Records drawn from a dataset:
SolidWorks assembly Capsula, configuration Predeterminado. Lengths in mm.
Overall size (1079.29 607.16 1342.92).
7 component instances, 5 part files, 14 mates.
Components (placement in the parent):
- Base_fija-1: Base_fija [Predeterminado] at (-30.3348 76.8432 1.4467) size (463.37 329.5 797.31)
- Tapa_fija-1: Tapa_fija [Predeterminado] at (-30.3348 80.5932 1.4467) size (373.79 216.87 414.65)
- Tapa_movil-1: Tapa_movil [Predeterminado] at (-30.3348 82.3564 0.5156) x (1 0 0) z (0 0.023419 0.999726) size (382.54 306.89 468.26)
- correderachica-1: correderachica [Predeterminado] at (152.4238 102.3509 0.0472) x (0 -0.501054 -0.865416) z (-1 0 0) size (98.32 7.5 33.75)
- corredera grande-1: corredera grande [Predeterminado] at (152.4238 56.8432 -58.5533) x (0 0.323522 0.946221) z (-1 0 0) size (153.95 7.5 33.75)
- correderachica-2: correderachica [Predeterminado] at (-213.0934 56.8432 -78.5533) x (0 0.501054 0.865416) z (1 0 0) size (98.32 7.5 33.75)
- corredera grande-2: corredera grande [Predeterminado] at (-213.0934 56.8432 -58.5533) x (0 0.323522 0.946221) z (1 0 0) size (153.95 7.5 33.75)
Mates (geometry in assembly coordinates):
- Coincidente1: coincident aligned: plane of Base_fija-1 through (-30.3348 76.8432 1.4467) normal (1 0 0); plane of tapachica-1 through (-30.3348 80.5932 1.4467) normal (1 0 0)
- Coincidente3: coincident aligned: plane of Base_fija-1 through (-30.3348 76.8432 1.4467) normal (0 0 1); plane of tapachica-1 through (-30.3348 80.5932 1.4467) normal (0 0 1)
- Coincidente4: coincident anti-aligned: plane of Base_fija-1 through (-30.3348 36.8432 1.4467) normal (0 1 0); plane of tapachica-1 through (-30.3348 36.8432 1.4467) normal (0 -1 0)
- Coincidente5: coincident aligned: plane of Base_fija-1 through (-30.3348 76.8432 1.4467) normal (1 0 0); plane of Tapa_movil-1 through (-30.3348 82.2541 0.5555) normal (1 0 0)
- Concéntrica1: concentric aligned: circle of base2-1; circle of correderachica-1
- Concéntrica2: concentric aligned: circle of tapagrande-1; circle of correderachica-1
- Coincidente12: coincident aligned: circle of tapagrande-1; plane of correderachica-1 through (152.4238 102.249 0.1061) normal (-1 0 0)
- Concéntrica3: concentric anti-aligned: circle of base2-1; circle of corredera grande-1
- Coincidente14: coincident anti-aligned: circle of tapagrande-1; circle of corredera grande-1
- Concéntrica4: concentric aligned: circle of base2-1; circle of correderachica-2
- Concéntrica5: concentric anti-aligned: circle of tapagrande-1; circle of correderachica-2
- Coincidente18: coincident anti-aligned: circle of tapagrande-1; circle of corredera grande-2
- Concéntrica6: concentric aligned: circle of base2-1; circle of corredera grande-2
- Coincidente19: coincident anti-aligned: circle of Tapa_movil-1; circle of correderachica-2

To do: Exactly as written, repeat each line from the beginning of the data above to the line containing "- Base_fija-1: Base_fija", inclusive.

Task response:
SolidWorks assembly Capsula, configuration Predeterminado. Lengths in mm.
Overall size (1079.29 607.16 1342.92).
7 component instances, 5 part files, 14 mates.
Components (placement in the parent):
- Base_fija-1: Base_fija [Predeterminado] at (-30.3348 76.8432 1.4467) size (463.37 329.5 797.31)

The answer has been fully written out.